• _Aim of the task_
The answer must consist only of the lines from the line with "(junction 136) -> RightLock.Locked" to the line with "state BothUnLocked", both included, exactly as they stand below.
*** Opening Information provided ***
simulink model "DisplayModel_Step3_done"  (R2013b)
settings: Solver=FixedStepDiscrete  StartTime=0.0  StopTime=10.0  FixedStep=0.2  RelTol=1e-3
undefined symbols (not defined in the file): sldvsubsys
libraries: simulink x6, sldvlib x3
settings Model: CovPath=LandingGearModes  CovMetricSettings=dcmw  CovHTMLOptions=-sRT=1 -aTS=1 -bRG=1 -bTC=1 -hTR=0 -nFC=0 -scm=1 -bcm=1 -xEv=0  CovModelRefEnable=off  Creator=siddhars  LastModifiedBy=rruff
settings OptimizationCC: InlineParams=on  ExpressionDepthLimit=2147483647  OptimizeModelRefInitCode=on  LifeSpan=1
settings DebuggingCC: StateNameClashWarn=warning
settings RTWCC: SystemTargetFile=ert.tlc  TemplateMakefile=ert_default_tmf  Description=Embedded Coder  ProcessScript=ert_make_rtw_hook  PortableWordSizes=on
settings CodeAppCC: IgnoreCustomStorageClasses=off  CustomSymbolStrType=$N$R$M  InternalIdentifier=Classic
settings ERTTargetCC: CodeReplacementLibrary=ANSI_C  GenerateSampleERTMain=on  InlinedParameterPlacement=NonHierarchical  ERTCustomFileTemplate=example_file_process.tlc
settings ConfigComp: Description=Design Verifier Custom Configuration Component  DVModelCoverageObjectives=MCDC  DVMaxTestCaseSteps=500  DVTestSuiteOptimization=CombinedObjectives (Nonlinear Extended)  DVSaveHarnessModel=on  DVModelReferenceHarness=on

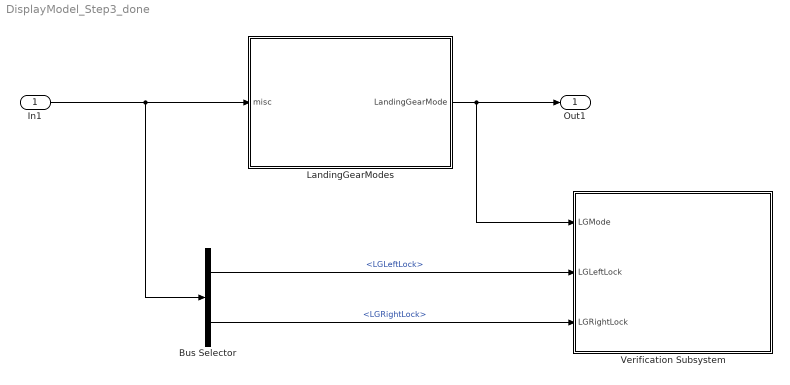
== system DisplayModel_Step3_done ==
  In1 : Inport  OutDataTypeStr=Bus: MiscData
  Bus Selector : BusSelector  OutputSignals=LGLeftLock,LGRightLock
  LandingGearModes : Stateflow chart  TreatAsAtomicUnit=on
  Verification Subsystem : Subsystem  Tag=VerificationSubsystem  DisableCoverage=on  LoadFcn=sldvsubsys('check')  TreatAsAtomicUnit=on  SimViewingDevice=on  mask(VerificationSubsystem){}
      mask init:
      | sldvsubsys('maskInit');
      settings: CopyFcn=sldvsubsys('copy');  OpenFcn=open_system(gcb,'force');
      settings: PreSaveFcn=|
      | set_param(gcb,'SimViewingDevice','on');
      | sldvsubsys('check');
      mask Help: helpview(fullfile(docroot,'toolbox','sldv','sldv.map'),'verificationsubsystem')
      mask Display: image(imread('sldvicon_versubsys.png','BackGroundColor',[1 1 1]),'center');
  Out1 : Outport
  wires:
  LandingGearModes/1(LandingGearMode) -> Out1/1, Verification Subsystem/1(LGMode)
  In1/1 -> LandingGearModes/1(misc), Bus Selector/1
  Bus Selector/1 -> Verification Subsystem/2(LGLeftLock)  "<LGLeftLock>"
  Bus Selector/2 -> Verification Subsystem/3(LGRightLock)  "<LGRightLock>"

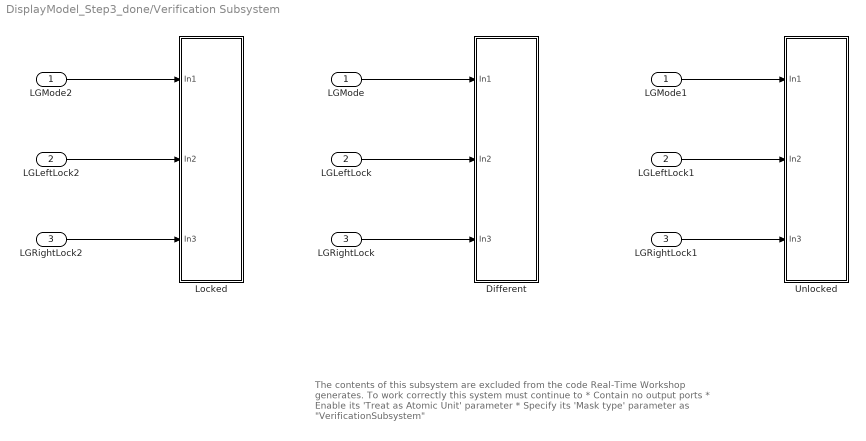
== system DisplayModel_Step3_done/Verification Subsystem ==
  note: The contents of this subsystem are excluded from the code Real-Time
      | Workshop generates.
      |
      | To work correctly this system must continue to
      | * Contain no output ports
      | * Enable its 'Treat as Atomic Unit' parameter
      | * Specify its 'Mask type' parameter as "VerificationSubsystem"
  LGMode : Inport
  LGLeftLock : Inport  Port=2
  LGRightLock : Inport  Port=3
  Different : Subsystem
  LGLeftLock1 : InportShadow  Port=2
  LGLeftLock2 : InportShadow  Port=2
  LGMode1 : InportShadow
  LGMode2 : InportShadow
  LGRightLock1 : InportShadow  Port=3
  LGRightLock2 : InportShadow  Port=3
  Locked : Subsystem
  Unlocked : Subsystem
  wires:
  LGMode2/1 -> Locked/1(In1)
  LGRightLock2/1 -> Locked/3(In3)
  LGLeftLock2/1 -> Locked/2(In2)
  LGMode/1 -> Different/1(In1)
  LGRightLock/1 -> Different/3(In3)
  LGLeftLock/1 -> Different/2(In2)
  LGMode1/1 -> Unlocked/1(In1)
  LGRightLock1/1 -> Unlocked/3(In3)
  LGLeftLock1/1 -> Unlocked/2(In2)

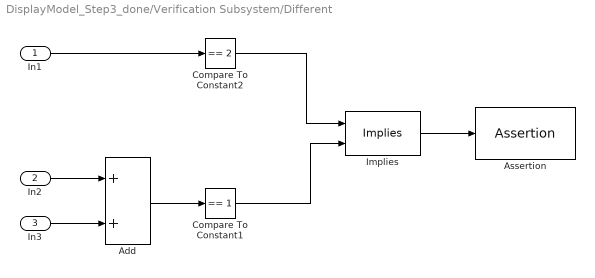
== system DisplayModel_Step3_done/Verification Subsystem/Different ==
  In1 : Inport
  In2 : Inport  Port=2
  In3 : Inport  Port=3
  Add : Sum
  Assertion : Assertion
  Compare To Constant1 : simulink/Logic and Bit Operations/Compare To Constant  relop===  const=1  OutDataTypeStr=uint8
  Compare To Constant2 : simulink/Logic and Bit Operations/Compare To Constant  relop===  const=2  OutDataTypeStr=boolean
  Implies : sldvlib/Verification Utilities/Implies
  wires:
  Implies/1 -> Assertion/1
  Compare To Constant2/1 -> Implies/1
  In1/1 -> Compare To Constant2/1
  Add/1 -> Compare To Constant1/1
  Compare To Constant1/1 -> Implies/2
  In2/1 -> Add/1
  In3/1 -> Add/2

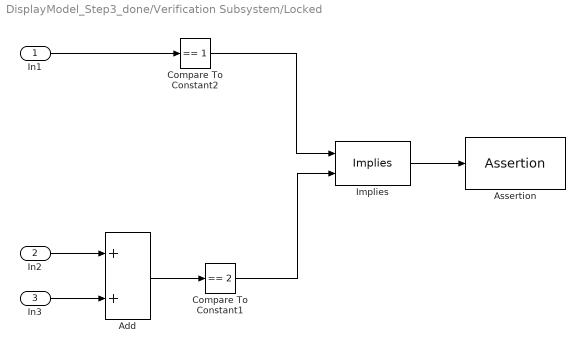
== system DisplayModel_Step3_done/Verification Subsystem/Locked ==
  In1 : Inport
  In2 : Inport  Port=2
  In3 : Inport  Port=3
  Add : Sum
  Assertion : Assertion
  Compare To Constant1 : simulink/Logic and Bit Operations/Compare To Constant  relop===  const=2  OutDataTypeStr=uint8
  Compare To Constant2 : simulink/Logic and Bit Operations/Compare To Constant  relop===  const=1  OutDataTypeStr=uint8
  Implies : sldvlib/Verification Utilities/Implies
  wires:
  Add/1 -> Compare To Constant1/1
  Implies/1 -> Assertion/1
  Compare To Constant2/1 -> Implies/1
  Compare To Constant1/1 -> Implies/2
  In1/1 -> Compare To Constant2/1
  In2/1 -> Add/1
  In3/1 -> Add/2

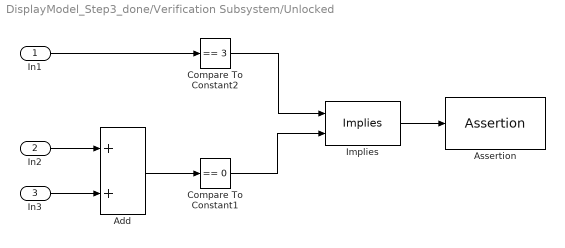
== system DisplayModel_Step3_done/Verification Subsystem/Unlocked ==
  In1 : Inport
  In2 : Inport  Port=2
  In3 : Inport  Port=3
  Add : Sum
  Assertion : Assertion
  Compare To Constant1 : simulink/Logic and Bit Operations/Compare To Constant  relop===  const=0  OutDataTypeStr=uint8
  Compare To Constant2 : simulink/Logic and Bit Operations/Compare To Constant  relop===  const=3  OutDataTypeStr=uint8
  Implies : sldvlib/Verification Utilities/Implies
  wires:
  Implies/1 -> Assertion/1
  Compare To Constant2/1 -> Implies/1
  In1/1 -> Compare To Constant2/1
  Add/1 -> Compare To Constant1/1
  Compare To Constant1/1 -> Implies/2
  In2/1 -> Add/1
  In3/1 -> Add/2

== stateflow chart DisplayModel_Step3_done/LandingGearModes ==
  state LeftLock [parallel]
    settings: executionOrder=1
    state Unlocked
    state Locked
    (default) -> (junction 122)
    (junction 122) -> LeftLock.Unlocked [order 2]
    (junction 122) -> LeftLock.Locked [order 1] : [misc.LGLeftLock]
    LeftLock.Locked -> LeftLock.Unlocked : [~misc.LGLeftLock]
    LeftLock.Unlocked -> LeftLock.Locked : [misc.LGLeftLock]
  state RightLock [parallel]
    settings: executionOrder=2
    state Unlocked
    state Locked
    (default) -> (junction 136)
    (junction 136) -> RightLock.Unlocked [order 2]
    (junction 136) -> RightLock.Locked [order 1] : [misc.LGRightLock]
    RightLock.Locked -> RightLock.Unlocked : [~misc.LGRightLock]
    RightLock.Unlocked -> RightLock.Locked : [misc.LGRightLock]
  state WarningModes [parallel]
    settings: executionOrder=3
    state BothLocked
      entry:
      LandingGearMode = 1;
    state BothUnLocked
      entry:
      LandingGearMode = 3;
    state OnlyOneLocked
      entry:
      LandingGearMode = 2;
    (default) -> (junction 102)
    (junction 102) -> BothLocked [order 1] : [in(LeftLock.Locked) &&...
        | in(RightLock.Locked)]
    (junction 102) -> BothUnLocked [order 2] : [in(LeftLock.Unlocked) &&...
        | in(RightLock.Unlocked)]
    (junction 102) -> OnlyOneLocked [order 3]
    BothUnLocked -> OnlyOneLocked [order 2] : [in(LeftLock.Locked) ||...
        | in(RightLock.Locked)]
    OnlyOneLocked -> BothLocked [order 2] : [in(LeftLock.Locked) &&...
        | in(RightLock.Locked)]
    OnlyOneLocked -> BothUnLocked [order 1] : [in(LeftLock.Unlocked) &&...
        | in(RightLock.Unlocked)]
    BothLocked -> OnlyOneLocked [order 2] : [in(LeftLock.Unlocked) ||...
        | in(RightLock.Unlocked)]
    BothLocked -> BothUnLocked [order 1] : [in(LeftLock.Unlocked) &&...
        | in(RightLock.Unlocked)]
    BothUnLocked -> BothLocked [order 1] : [in(LeftLock.Locked) &&...
        | in(RightLock.Locked)]
  data: misc input Bus: MiscData; LandingGearMode output double size=1
*** Closing Information provided ***
• _Answer to this task_
    (junction 136) -> RightLock.Locked [order 1] : [misc.LGRightLock]
    RightLock.Locked -> RightLock.Unlocked : [~misc.LGRightLock]
    RightLock.Unlocked -> RightLock.Locked : [misc.LGRightLock]
  state WarningModes [parallel]
    settings: executionOrder=3
    state BothLocked
      entry:
      LandingGearMode = 1;
    state BothUnLocked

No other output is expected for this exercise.